» **Work request**
The data must be copied over exactly and in full.
- Opening Delimiter -
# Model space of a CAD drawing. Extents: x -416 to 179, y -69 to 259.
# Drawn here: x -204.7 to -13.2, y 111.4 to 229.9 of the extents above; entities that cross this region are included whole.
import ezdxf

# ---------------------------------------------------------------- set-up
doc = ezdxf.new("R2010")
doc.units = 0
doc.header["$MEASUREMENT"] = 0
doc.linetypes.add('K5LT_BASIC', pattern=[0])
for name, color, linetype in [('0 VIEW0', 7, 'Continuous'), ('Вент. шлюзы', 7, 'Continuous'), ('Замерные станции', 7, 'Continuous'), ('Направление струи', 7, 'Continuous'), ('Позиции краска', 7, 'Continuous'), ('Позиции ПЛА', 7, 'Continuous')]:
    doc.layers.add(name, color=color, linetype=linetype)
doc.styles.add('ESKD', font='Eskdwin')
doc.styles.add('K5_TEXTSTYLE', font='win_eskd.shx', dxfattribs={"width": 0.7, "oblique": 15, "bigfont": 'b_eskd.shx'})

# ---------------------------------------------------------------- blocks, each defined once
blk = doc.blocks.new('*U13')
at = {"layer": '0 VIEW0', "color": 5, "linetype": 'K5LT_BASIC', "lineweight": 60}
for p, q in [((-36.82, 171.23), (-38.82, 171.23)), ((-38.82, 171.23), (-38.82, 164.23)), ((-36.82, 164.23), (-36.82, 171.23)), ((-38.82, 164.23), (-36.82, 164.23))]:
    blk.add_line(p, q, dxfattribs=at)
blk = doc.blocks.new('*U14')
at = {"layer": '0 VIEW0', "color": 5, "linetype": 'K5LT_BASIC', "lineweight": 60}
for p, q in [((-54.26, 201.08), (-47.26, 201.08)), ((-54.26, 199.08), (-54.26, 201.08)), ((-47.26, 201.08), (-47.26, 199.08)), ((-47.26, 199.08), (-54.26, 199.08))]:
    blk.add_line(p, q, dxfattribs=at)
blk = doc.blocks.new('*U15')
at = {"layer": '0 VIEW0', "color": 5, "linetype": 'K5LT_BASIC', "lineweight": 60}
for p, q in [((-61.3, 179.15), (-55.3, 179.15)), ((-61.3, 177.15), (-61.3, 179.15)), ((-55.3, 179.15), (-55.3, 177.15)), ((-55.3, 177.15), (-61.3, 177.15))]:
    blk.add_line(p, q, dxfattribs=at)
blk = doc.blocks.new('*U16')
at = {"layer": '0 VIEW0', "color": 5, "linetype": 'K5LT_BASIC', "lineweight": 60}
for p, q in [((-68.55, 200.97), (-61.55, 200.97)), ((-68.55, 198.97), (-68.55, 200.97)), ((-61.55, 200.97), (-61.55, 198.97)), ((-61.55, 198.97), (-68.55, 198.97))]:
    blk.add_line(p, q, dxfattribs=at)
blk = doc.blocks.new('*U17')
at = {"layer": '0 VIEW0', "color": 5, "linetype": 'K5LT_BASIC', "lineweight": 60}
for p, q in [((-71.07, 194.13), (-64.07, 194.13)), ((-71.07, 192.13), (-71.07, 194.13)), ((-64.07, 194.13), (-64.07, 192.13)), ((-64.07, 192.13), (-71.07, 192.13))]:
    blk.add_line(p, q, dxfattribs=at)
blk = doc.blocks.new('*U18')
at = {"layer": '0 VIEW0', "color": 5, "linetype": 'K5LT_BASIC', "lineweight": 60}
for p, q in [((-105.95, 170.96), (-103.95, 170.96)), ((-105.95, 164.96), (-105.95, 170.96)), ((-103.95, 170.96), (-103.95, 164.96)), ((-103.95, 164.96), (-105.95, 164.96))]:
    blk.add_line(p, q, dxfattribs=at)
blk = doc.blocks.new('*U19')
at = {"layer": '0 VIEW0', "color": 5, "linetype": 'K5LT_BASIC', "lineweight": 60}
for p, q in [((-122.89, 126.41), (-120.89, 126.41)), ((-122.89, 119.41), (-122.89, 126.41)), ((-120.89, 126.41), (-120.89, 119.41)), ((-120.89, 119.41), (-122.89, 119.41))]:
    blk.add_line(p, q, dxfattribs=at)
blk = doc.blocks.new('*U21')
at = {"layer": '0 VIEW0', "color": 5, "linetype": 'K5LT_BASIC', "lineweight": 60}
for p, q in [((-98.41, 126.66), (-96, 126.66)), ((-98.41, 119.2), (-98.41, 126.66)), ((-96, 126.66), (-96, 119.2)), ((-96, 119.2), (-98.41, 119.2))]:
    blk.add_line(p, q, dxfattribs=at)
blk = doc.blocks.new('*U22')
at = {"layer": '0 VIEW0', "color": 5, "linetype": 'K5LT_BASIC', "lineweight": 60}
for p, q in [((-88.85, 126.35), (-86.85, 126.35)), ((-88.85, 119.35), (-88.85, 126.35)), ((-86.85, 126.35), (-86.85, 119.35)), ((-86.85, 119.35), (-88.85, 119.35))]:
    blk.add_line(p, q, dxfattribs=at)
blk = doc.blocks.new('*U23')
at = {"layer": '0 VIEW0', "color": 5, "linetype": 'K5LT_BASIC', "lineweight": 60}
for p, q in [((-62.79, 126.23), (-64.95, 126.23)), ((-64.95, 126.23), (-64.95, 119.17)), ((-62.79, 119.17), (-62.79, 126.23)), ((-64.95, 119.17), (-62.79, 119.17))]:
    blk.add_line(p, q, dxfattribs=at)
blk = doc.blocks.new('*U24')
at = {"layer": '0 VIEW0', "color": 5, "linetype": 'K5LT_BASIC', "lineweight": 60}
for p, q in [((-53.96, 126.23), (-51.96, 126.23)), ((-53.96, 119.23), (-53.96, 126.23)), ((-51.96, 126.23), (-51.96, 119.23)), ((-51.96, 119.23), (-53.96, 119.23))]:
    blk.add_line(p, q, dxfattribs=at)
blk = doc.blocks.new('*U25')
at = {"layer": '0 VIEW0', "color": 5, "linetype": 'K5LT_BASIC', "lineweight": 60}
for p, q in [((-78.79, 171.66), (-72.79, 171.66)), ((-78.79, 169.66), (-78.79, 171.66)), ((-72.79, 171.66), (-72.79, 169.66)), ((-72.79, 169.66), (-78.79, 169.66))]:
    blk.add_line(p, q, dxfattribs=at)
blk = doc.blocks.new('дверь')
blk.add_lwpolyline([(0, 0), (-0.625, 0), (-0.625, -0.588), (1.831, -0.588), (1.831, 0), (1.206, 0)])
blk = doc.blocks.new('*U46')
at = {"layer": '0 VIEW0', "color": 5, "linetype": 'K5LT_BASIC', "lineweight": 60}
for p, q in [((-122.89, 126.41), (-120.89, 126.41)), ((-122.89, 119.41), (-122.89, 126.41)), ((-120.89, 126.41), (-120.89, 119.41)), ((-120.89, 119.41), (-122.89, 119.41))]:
- Closing Delimiter -
» **Output for this exercise**
# Model space of a CAD drawing. Extents: x -416 to 179, y -69 to 259.
# Drawn here: x -204.7 to -13.2, y 111.4 to 229.9 of the extents above; entities that cross this region are included whole.
import ezdxf

# ---------------------------------------------------------------- set-up
doc = ezdxf.new("R2010")
doc.units = 0
doc.header["$MEASUREMENT"] = 0
doc.linetypes.add('K5LT_BASIC', pattern=[0])
for name, color, linetype in [('0 VIEW0', 7, 'Continuous'), ('Вент. шлюзы', 7, 'Continuous'), ('Замерные станции', 7, 'Continuous'), ('Направление струи', 7, 'Continuous'), ('Позиции краска', 7, 'Continuous'), ('Позиции ПЛА', 7, 'Continuous')]:
    doc.layers.add(name, color=color, linetype=linetype)
doc.styles.add('ESKD', font='Eskdwin')
doc.styles.add('K5_TEXTSTYLE', font='win_eskd.shx', dxfattribs={"width": 0.7, "oblique": 15, "bigfont": 'b_eskd.shx'})

# ---------------------------------------------------------------- blocks, each defined once
blk = doc.blocks.new('*U13')
at = {"layer": '0 VIEW0', "color": 5, "linetype": 'K5LT_BASIC', "lineweight": 60}
for p, q in [((-36.82, 171.23), (-38.82, 171.23)), ((-38.82, 171.23), (-38.82, 164.23)), ((-36.82, 164.23), (-36.82, 171.23)), ((-38.82, 164.23), (-36.82, 164.23))]:
    blk.add_line(p, q, dxfattribs=at)
blk = doc.blocks.new('*U14')
at = {"layer": '0 VIEW0', "color": 5, "linetype": 'K5LT_BASIC', "lineweight": 60}
for p, q in [((-54.26, 201.08), (-47.26, 201.08)), ((-54.26, 199.08), (-54.26, 201.08)), ((-47.26, 201.08), (-47.26, 199.08)), ((-47.26, 199.08), (-54.26, 199.08))]:
    blk.add_line(p, q, dxfattribs=at)
blk = doc.blocks.new('*U15')
at = {"layer": '0 VIEW0', "color": 5, "linetype": 'K5LT_BASIC', "lineweight": 60}
for p, q in [((-61.3, 179.15), (-55.3, 179.15)), ((-61.3, 177.15), (-61.3, 179.15)), ((-55.3, 179.15), (-55.3, 177.15)), ((-55.3, 177.15), (-61.3, 177.15))]:
    blk.add_line(p, q, dxfattribs=at)
blk = doc.blocks.new('*U16')
at = {"layer": '0 VIEW0', "color": 5, "linetype": 'K5LT_BASIC', "lineweight": 60}
for p, q in [((-68.55, 200.97), (-61.55, 200.97)), ((-68.55, 198.97), (-68.55, 200.97)), ((-61.55, 200.97), (-61.55, 198.97)), ((-61.55, 198.97), (-68.55, 198.97))]:
    blk.add_line(p, q, dxfattribs=at)
blk = doc.blocks.new('*U17')
at = {"layer": '0 VIEW0', "color": 5, "linetype": 'K5LT_BASIC', "lineweight": 60}
for p, q in [((-71.07, 194.13), (-64.07, 194.13)), ((-71.07, 192.13), (-71.07, 194.13)), ((-64.07, 194.13), (-64.07, 192.13)), ((-64.07, 192.13), (-71.07, 192.13))]:
    blk.add_line(p, q, dxfattribs=at)
blk = doc.blocks.new('*U18')
at = {"layer": '0 VIEW0', "color": 5, "linetype": 'K5LT_BASIC', "lineweight": 60}
for p, q in [((-105.95, 170.96), (-103.95, 170.96)), ((-105.95, 164.96), (-105.95, 170.96)), ((-103.95, 170.96), (-103.95, 164.96)), ((-103.95, 164.96), (-105.95, 164.96))]:
    blk.add_line(p, q, dxfattribs=at)
blk = doc.blocks.new('*U19')
at = {"layer": '0 VIEW0', "color": 5, "linetype": 'K5LT_BASIC', "lineweight": 60}
for p, q in [((-122.89, 126.41), (-120.89, 126.41)), ((-122.89, 119.41), (-122.89, 126.41)), ((-120.89, 126.41), (-120.89, 119.41)), ((-120.89, 119.41), (-122.89, 119.41))]:
    blk.add_line(p, q, dxfattribs=at)
blk = doc.blocks.new('*U21')
at = {"layer": '0 VIEW0', "color": 5, "linetype": 'K5LT_BASIC', "lineweight": 60}
for p, q in [((-98.41, 126.66), (-96, 126.66)), ((-98.41, 119.2), (-98.41, 126.66)), ((-96, 126.66), (-96, 119.2)), ((-96, 119.2), (-98.41, 119.2))]:
    blk.add_line(p, q, dxfattribs=at)
blk = doc.blocks.new('*U22')
at = {"layer": '0 VIEW0', "color": 5, "linetype": 'K5LT_BASIC', "lineweight": 60}
for p, q in [((-88.85, 126.35), (-86.85, 126.35)), ((-88.85, 119.35), (-88.85, 126.35)), ((-86.85, 126.35), (-86.85, 119.35)), ((-86.85, 119.35), (-88.85, 119.35))]:
    blk.add_line(p, q, dxfattribs=at)
blk = doc.blocks.new('*U23')
at = {"layer": '0 VIEW0', "color": 5, "linetype": 'K5LT_BASIC', "lineweight": 60}
for p, q in [((-62.79, 126.23), (-64.95, 126.23)), ((-64.95, 126.23), (-64.95, 119.17)), ((-62.79, 119.17), (-62.79, 126.23)), ((-64.95, 119.17), (-62.79, 119.17))]:
    blk.add_line(p, q, dxfattribs=at)
blk = doc.blocks.new('*U24')
at = {"layer": '0 VIEW0', "color": 5, "linetype": 'K5LT_BASIC', "lineweight": 60}
for p, q in [((-53.96, 126.23), (-51.96, 126.23)), ((-53.96, 119.23), (-53.96, 126.23)), ((-51.96, 126.23), (-51.96, 119.23)), ((-51.96, 119.23), (-53.96, 119.23))]:
    blk.add_line(p, q, dxfattribs=at)
blk = doc.blocks.new('*U25')
at = {"layer": '0 VIEW0', "color": 5, "linetype": 'K5LT_BASIC', "lineweight": 60}
for p, q in [((-78.79, 171.66), (-72.79, 171.66)), ((-78.79, 169.66), (-78.79, 171.66)), ((-72.79, 171.66), (-72.79, 169.66)), ((-72.79, 169.66), (-78.79, 169.66))]:
    blk.add_line(p, q, dxfattribs=at)
blk = doc.blocks.new('дверь')
blk.add_lwpolyline([(0, 0), (-0.625, 0), (-0.625, -0.588), (1.831, -0.588), (1.831, 0), (1.206, 0)])
blk = doc.blocks.new('*U46')
at = {"layer": '0 VIEW0', "color": 5, "linetype": 'K5LT_BASIC', "lineweight": 60}
for p, q in [((-122.89, 126.41), (-120.89, 126.41)), ((-122.89, 119.41), (-122.89, 126.41)), ((-120.89, 126.41), (-120.89, 119.41)), ((-120.89, 119.41), (-122.89, 119.41))]:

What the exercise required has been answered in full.